* [TASK DESCRIPTION]:
Type out the lines below exactly, from the first through the line holding "# F2 (on face) → F3 (join)", and include no pictures.

* [EXCERPTED RECORDS]:

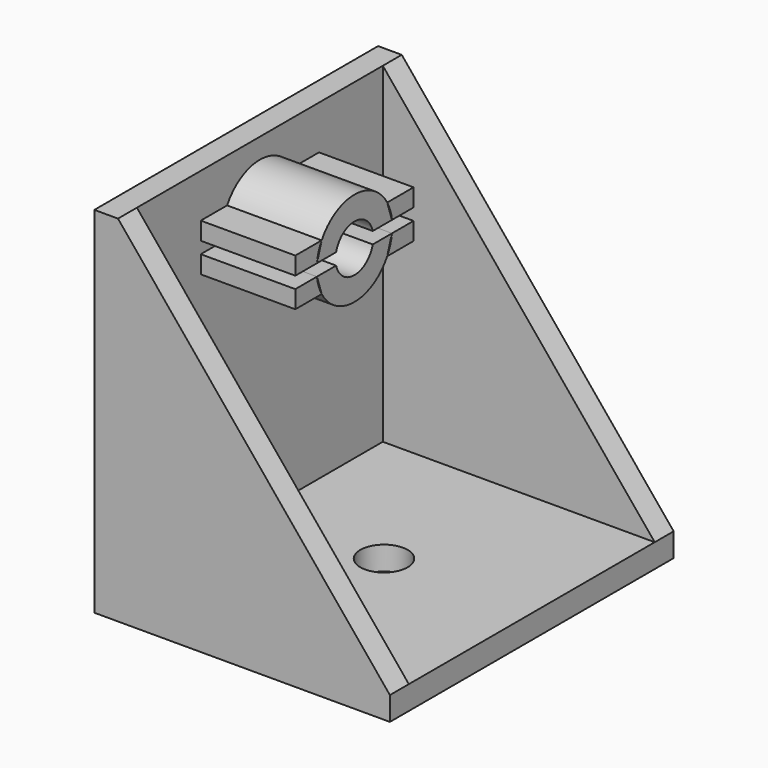
from build123d import *

# Parameters (mm, degrees)
F0_W      = 50
F0_H      = 60
F0_R      = 4
F1_DEPTH  = 4
F2_W      = 60
F2_H      = 60
F3_DEPTH  = 4
F5_DEPTH  = 4
F6_R      = 8
F6_R_2    = 4
F7_DEPTH  = 20
F8_DEPTH  = 50.001
F10_DEPTH = 46.001
F11_DEPTH = 16


# Not quite as in the source:
# - a pattern or mirror of a feature is missing from the dataset's text; its kind, count and spacing are read off the source's solid


with BuildPart() as f1:
    # F0 (on Top) → F1 (new body)
    with BuildSketch(Plane.XY):
        Rectangle(F0_W, F0_H)
        Circle(F0_R, mode=Mode.SUBTRACT)
    extrude(amount=F1_DEPTH)

    # F2 (on face) → F3 (join)
    with BuildSketch(Plane(origin=(-25, 0, 0), x_dir=(0, -1, 0), z_dir=(-1, 0, 0))):
        with Locations((0, 30)):
            Rectangle(F2_W, F2_H)
    extrude(amount=-F3_DEPTH)

    # F4 (on face) → F5 (join)
    with BuildSketch(Plane.XZ.offset(30)):
        Polygon((-21, 60), (-25, 60), (-25, 0), (25, 0), (25, 4), align=None)
    f5 = extrude(amount=-F5_DEPTH)

    # F5_copies: F5 across plane
    add(f5.mirror(Plane.ZX))

    # F6 (on face) → F7 (join)
    with BuildSketch(Plane(origin=(-25, 0, 0), x_dir=(0, -1, 0), z_dir=(-1, 0, 0))):
        with Locations((0, 48.5843531787)):
            Circle(F6_R)
        with Locations((0, 48.5843531787)):
            Circle(F6_R_2, mode=Mode.SUBTRACT)
    extrude(amount=-F7_DEPTH)

    # F6 (on face) → F8 (cut, through all)
    with BuildSketch(Plane(origin=(-25, 0, 0), x_dir=(0, -1, 0), z_dir=(-1, 0, 0))):
        with Locations((0, 48.5843531787)):
            Circle(F6_R_2)
    extrude(amount=-F8_DEPTH, mode=Mode.SUBTRACT)

    # F9 (on face) → F10 (cut, through all)
    with BuildSketch(Plane.YZ.offset(-21)):
        Polygon((12.5, 44.5843531787), (12.5, 47.5843531787), (7.9372539332, 47.5843531787), (6.9282032303, 44.5843531787), align=None)
        Polygon((7.9372539332, 47.5843531787), (12.5, 47.5843531787), (12.5, 49.5843531787), (7.9372539332, 49.5843531787), (-7.9372539332, 49.5843531787), (-12.5, 49.5843531787), (-12.5, 47.5843531787), (-7.9372539332, 47.5843531787), align=None)
        Polygon((7.9372539332, 49.5843531787), (12.5, 49.5843531787), (12.5, 52.5843531787), (6.9282032303, 52.5843531787), align=None)
        Polygon((-6.9282032303, 44.5843531787), (-7.9372539332, 47.5843531787), (-12.5, 47.5843531787), (-12.5, 44.5843531787), align=None)
        Polygon((-12.5, 49.5843531787), (-7.9372539332, 49.5843531787), (-6.9282032303, 52.5843531787), (-12.5, 52.5843531787), align=None)
    extrude(amount=F10_DEPTH, mode=Mode.SUBTRACT)


with BuildPart() as f11:
    # F9 (on face) → F11 (new body)
    with BuildSketch(Plane.YZ.offset(-21)):
        with BuildLine():
            Line((-12.5, 49.5843531787), (-7.9372539332, 49.5843531787))
            ThreePointArc((-7.9372539332, 49.5843531787), (-7.582575695, 51.1347542904), (-6.9282032303, 52.5843531787))
            Line((-6.9282032303, 52.5843531787), (-12.5, 52.5843531787))
            Line((-12.5, 52.5843531787), (-12.5, 49.5843531787))
        make_face()
    extrude(amount=F11_DEPTH)


with BuildPart() as f11b:
    # F9 (on face) → F11, piece 2 (new body)
    with BuildSketch(Plane.YZ.offset(-21)):
        with BuildLine():
            ThreePointArc((-6.9282032303, 44.5843531787), (-7.582575695, 46.0339520671), (-7.9372539332, 47.5843531787))
            Line((-7.9372539332, 47.5843531787), (-12.5, 47.5843531787))
            Line((-12.5, 47.5843531787), (-12.5, 44.5843531787))
            Line((-12.5, 44.5843531787), (-6.9282032303, 44.5843531787))
        make_face()
    extrude(amount=F11_DEPTH)


with BuildPart() as f11c:
    # F9 (on face) → F11, piece 3 (new body)
    with BuildSketch(Plane.YZ.offset(-21)):
        with BuildLine():
            Line((7.9372539332, 49.5843531787), (12.5, 49.5843531787))
            Line((12.5, 49.5843531787), (12.5, 52.5843531787))
            Line((12.5, 52.5843531787), (6.9282032303, 52.5843531787))
            ThreePointArc((6.9282032303, 52.5843531787), (7.582575695, 51.1347542904), (7.9372539332, 49.5843531787))
        make_face()
    extrude(amount=F11_DEPTH)


with BuildPart() as f11d:
    # F9 (on face) → F11, piece 4 (new body)
    with BuildSketch(Plane.YZ.offset(-21)):
        with BuildLine():
            Line((12.5, 44.5843531787), (12.5, 47.5843531787))
            Line((12.5, 47.5843531787), (7.9372539332, 47.5843531787))
            ThreePointArc((7.9372539332, 47.5843531787), (7.582575695, 46.0339520671), (6.9282032303, 44.5843531787))
            Line((6.9282032303, 44.5843531787), (12.5, 44.5843531787))
        make_face()
    extrude(amount=F11_DEPTH)


solid = Compound([f1.part, f11.part, f11b.part, f11c.part, f11d.part])
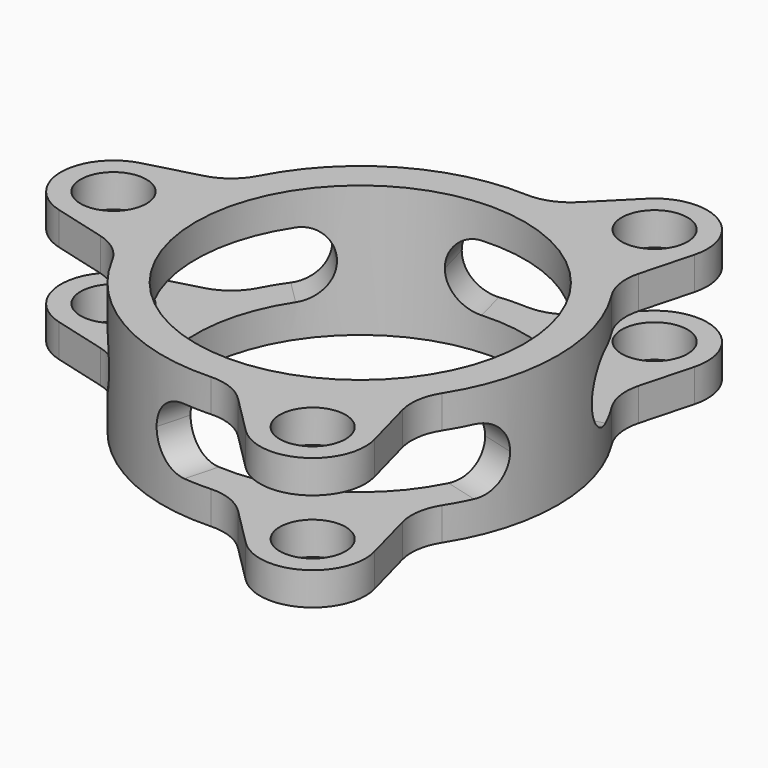
from build123d import *

# Parameters (mm, degrees)
F0_R     = 127
F0_R_2   = 635
F1_DEPTH = 254
F3_DEPTH = 127
F4_R     = 126.99999


# Not quite as in the source:
# - a fillet or chamfer is up to 0.001 mm smaller than in the source, because OpenCascade refuses the exact size


with BuildPart() as f1:
    # F0 (on Top) → F1 (new body, symmetric)
    with BuildSketch(Plane.XY):
        with BuildLine():
            ThreePointArc((-803.0204229841, -250.4210518057), (-728.5190173712, -288.1490840614), (-675.483515486, -352.6556681902))
            ThreePointArc((-675.483515486, -352.6556681902), (-381, -659.9113576837), (32.3329903017, -761.3137183436))
            ThreePointArc((32.3329903017, -761.3137183436), (381, -659.9113576837), (643.1505251843, -408.6580501534))
            ThreePointArc((643.1505251843, -408.6580501534), (762, 0), (643.1505251843, 408.6580501534))
            ThreePointArc((643.1505251843, 408.6580501534), (381, 659.9113576837), (32.3329903017, 761.3137183436))
            ThreePointArc((32.3329903017, 761.3137183436), (-381, 659.9113576837), (-675.483515486, 352.6556681902))
            ThreePointArc((-675.483515486, 352.6556681902), (-728.5190173712, 288.1490840614), (-803.0204229841, 250.4210518057))
            Line((-803.0204229841, 250.4210518057), (-1005.0920299648, 196.2761279019))
            ThreePointArc((-1005.0920299648, 196.2761279019), (-1155.7, 0), (-1005.0920299648, -196.2761279019))
            Line((-1005.0920299648, -196.2761279019), (-803.0204229841, -250.4210518057))
        make_face()
        with Locations((-952.5, 0)):
            Circle(F0_R, mode=Mode.SUBTRACT)
        Circle(F0_R_2, mode=Mode.SUBTRACT)
        with BuildLine():
            ThreePointArc((643.1505251843, -408.6580501534), (381, -659.9113576837), (32.3329903017, -761.3137183436))
            ThreePointArc((32.3329903017, -761.3137183436), (114.7150818112, -774.9905182142), (184.6392189859, -820.6466119648))
            Line((184.6392189859, -820.6466119648), (332.5659020629, -968.5732950418))
            ThreePointArc((332.5659020629, -968.5732950418), (577.85, -1000.8655591537), (672.5261279019, -772.2971671398))
            Line((672.5261279019, -772.2971671398), (618.3812039982, -570.2255601591))
            ThreePointArc((618.3812039982, -570.2255601591), (613.80393556, -486.8414341528), (643.1505251843, -408.6580501534))
        make_face()
        with Locations((476.25, -824.8891971047)):
            Circle(F0_R, mode=Mode.SUBTRACT)
        with BuildLine():
            ThreePointArc((32.3329903017, 761.3137183436), (381, 659.9113576837), (643.1505251843, 408.6580501534))
            ThreePointArc((643.1505251843, 408.6580501534), (613.80393556, 486.8414341528), (618.3812039982, 570.2255601591))
            Line((618.3812039982, 570.2255601591), (672.5261279019, 772.2971671398))
            ThreePointArc((672.5261279019, 772.2971671398), (577.85, 1000.8655591537), (332.5659020629, 968.5732950418))
            Line((332.5659020629, 968.5732950418), (184.6392189859, 820.6466119648))
            ThreePointArc((184.6392189859, 820.6466119648), (114.7150818112, 774.9905182142), (32.3329903017, 761.3137183436))
        make_face()
        with Locations((476.25, 824.8891971047)):
            Circle(F0_R, mode=Mode.SUBTRACT)
    extrude(amount=F1_DEPTH, both=True)

    # F2 (on Top) → F3 (cut, symmetric)
    with BuildSketch(Plane.XY):
        with BuildLine():
            Line((672.5261279019, -772.2971671398), (618.3812039982, -570.2255601591))
            ThreePointArc((618.3812039982, -570.2255601591), (613.80393556, -486.8414341528), (643.1505251843, -408.6580501534))
            ThreePointArc((643.1505251843, -408.6580501534), (697.6496322325, -306.4783689688), (736.0354796323, -197.2201123681))
            Line((736.0354796323, -197.2201123681), (613.3628996936, -164.3500936401))
            ThreePointArc((613.3628996936, -164.3500936401), (317.5, -549.9261314031), (-164.3500936401, -613.3628996936))
            Line((-164.3500936401, -613.3628996936), (-197.2201123681, -736.0354796323))
            ThreePointArc((-197.2201123681, -736.0354796323), (-83.4067628788, -757.4214889387), (32.3329903017, -761.3137183436))
            ThreePointArc((32.3329903017, -761.3137183436), (114.7150818112, -774.9905182142), (184.6392189859, -820.6466119648))
            Line((184.6392189859, -820.6466119648), (332.5659020629, -968.5732950418))
            ThreePointArc((332.5659020629, -968.5732950418), (577.85, -1000.8655591537), (672.5261279019, -772.2971671398))
        make_face()
        with BuildLine():
            Line((-449.0128060535, -449.0128060535), (0, 0))
            Line((0, 0), (-449.0128060535, 449.0128060535))
            ThreePointArc((-449.0128060535, 449.0128060535), (-635, 0), (-449.0128060535, -449.0128060535))
        make_face()
        with BuildLine():
            Line((-164.3500936401, 613.3628996936), (0, 0))
            Line((0, 0), (613.3628996936, 164.3500936401))
            ThreePointArc((613.3628996936, 164.3500936401), (317.5, 549.9261314031), (-164.3500936401, 613.3628996936))
        make_face()
        with BuildLine():
            ThreePointArc((-164.3500936401, -613.3628996936), (317.5, -549.9261314031), (613.3628996936, -164.3500936401))
            Line((613.3628996936, -164.3500936401), (0, 0))
            Line((0, 0), (-164.3500936401, -613.3628996936))
        make_face()
        with BuildLine():
            ThreePointArc((-449.0128060535, -449.0128060535), (-635, 0), (-449.0128060535, 449.0128060535))
            Line((-449.0128060535, 449.0128060535), (-538.8153672641, 538.8153672641))
            ThreePointArc((-538.8153672641, 538.8153672641), (-614.2428693537, 450.9431199698), (-675.483515486, 352.6556681902))
            ThreePointArc((-675.483515486, 352.6556681902), (-728.5190173712, 288.1490840614), (-803.0204229841, 250.4210518057))
            Line((-803.0204229841, 250.4210518057), (-1005.0920299648, 196.2761279019))
            ThreePointArc((-1005.0920299648, 196.2761279019), (-1155.7, 0), (-1005.0920299648, -196.2761279019))
            Line((-1005.0920299648, -196.2761279019), (-803.0204229841, -250.4210518057))
            ThreePointArc((-803.0204229841, -250.4210518057), (-728.5190173712, -288.1490840614), (-675.483515486, -352.6556681902))
            ThreePointArc((-675.483515486, -352.6556681902), (-614.2428693537, -450.9431199698), (-538.8153672641, -538.8153672641))
            Line((-538.8153672641, -538.8153672641), (-449.0128060535, -449.0128060535))
        make_face()
        with BuildLine():
            Line((-197.2201123681, 736.0354796323), (-164.3500936401, 613.3628996936))
            ThreePointArc((-164.3500936401, 613.3628996936), (317.5, 549.9261314031), (613.3628996936, 164.3500936401))
            Line((613.3628996936, 164.3500936401), (736.0354796323, 197.2201123681))
            ThreePointArc((736.0354796323, 197.2201123681), (697.6496322325, 306.4783689688), (643.1505251843, 408.6580501534))
            ThreePointArc((643.1505251843, 408.6580501534), (613.80393556, 486.8414341528), (618.3812039982, 570.2255601591))
            Line((618.3812039982, 570.2255601591), (672.5261279019, 772.2971671398))
            ThreePointArc((672.5261279019, 772.2971671398), (577.85, 1000.8655591537), (332.5659020629, 968.5732950418))
            Line((332.5659020629, 968.5732950418), (184.6392189859, 820.6466119648))
            ThreePointArc((184.6392189859, 820.6466119648), (114.7150818112, 774.9905182142), (32.3329903017, 761.3137183436))
            ThreePointArc((32.3329903017, 761.3137183436), (-83.4067628788, 757.4214889387), (-197.2201123681, 736.0354796323))
        make_face()
    extrude(amount=F3_DEPTH, both=True, mode=Mode.SUBTRACT)

    # F4 (radius 127 in the source; OpenCascade refuses exactly that, so slightly less here)
    f4_edges = [f1.edges().sort_by_distance(p)[0] for p in [
        (-180.785103, 674.69919, -127),
        (-180.785103, 674.69919, 127),
        (-493.914087, 493.914087, -127),
        (-493.914087, 493.914087, 127),
        (-493.914087, -493.914087, -127),
        (-493.914087, -493.914087, 127),
        (-180.785103, -674.69919, -127),
        (-180.785103, -674.69919, 127),
        (674.69919, -180.785103, -127),
        (674.69919, -180.785103, 127),
        (674.69919, 180.785103, -127),
        (674.69919, 180.785103, 127),
    ]]
    fillet(f4_edges, radius=F4_R)


solid = f1.part
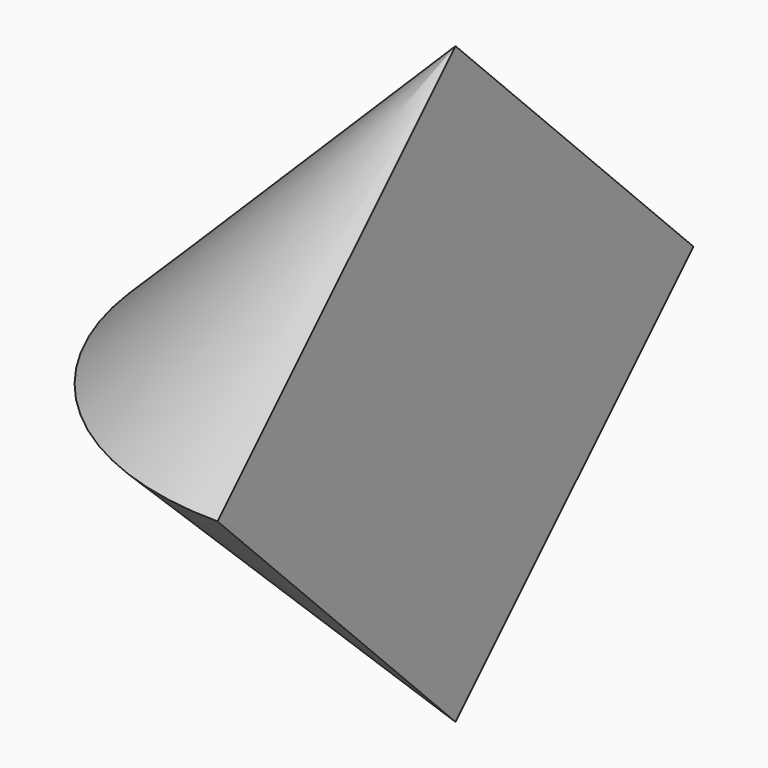
from build123d import *

# Parameters (mm, degrees)
F0_R     = 25
F1_DEPTH = 25
F2_SIZE2 = 24.99999
F2_SIZE  = 24.99999
F3_W     = 55
F3_H     = 55
F4_DEPTH = 30


# Not quite as in the source:
# - a fillet or chamfer is up to 0.001 mm smaller than in the source, because OpenCascade refuses the exact size


with BuildPart() as f1:
    # F0 (on Top) → F1 (new body, symmetric)
    with BuildSketch(Plane.XY):
        Circle(F0_R)
    extrude(amount=F1_DEPTH, both=True)

    # F2 (size 25 and 25 in the source; OpenCascade refuses exactly that, so slightly less here)
    f2_edges = [f1.edges().sort_by_distance(p)[0] for p in [
        (-25, 0, 25),
        (-25, 0, -25),
    ]]
    chamfer(f2_edges, length=F2_SIZE, length2=F2_SIZE2)

    # F3 (on Right) → F4 (cut)
    with BuildSketch(Plane.YZ):
        Rectangle(F3_W, F3_H)
    extrude(amount=F4_DEPTH, mode=Mode.SUBTRACT)


solid = f1.part

* [YOUR RESPONSE]:
from build123d import *

# Parameters (mm, degrees)
F0_W      = 50
F0_H      = 60
F0_R      = 4
F1_DEPTH  = 4
F2_W      = 60
F2_H      = 60
F3_DEPTH  = 4
F5_DEPTH  = 4
F6_R      = 8
F6_R_2    = 4
F7_DEPTH  = 20
F8_DEPTH  = 50.001
F10_DEPTH = 46.001
F11_DEPTH = 16


# Not quite as in the source:
# - a pattern or mirror of a feature is missing from the dataset's text; its kind, count and spacing are read off the source's solid


with BuildPart() as f1:
    # F0 (on Top) → F1 (new body)
    with BuildSketch(Plane.XY):
        Rectangle(F0_W, F0_H)
        Circle(F0_R, mode=Mode.SUBTRACT)
    extrude(amount=F1_DEPTH)

    # F2 (on face) → F3 (join)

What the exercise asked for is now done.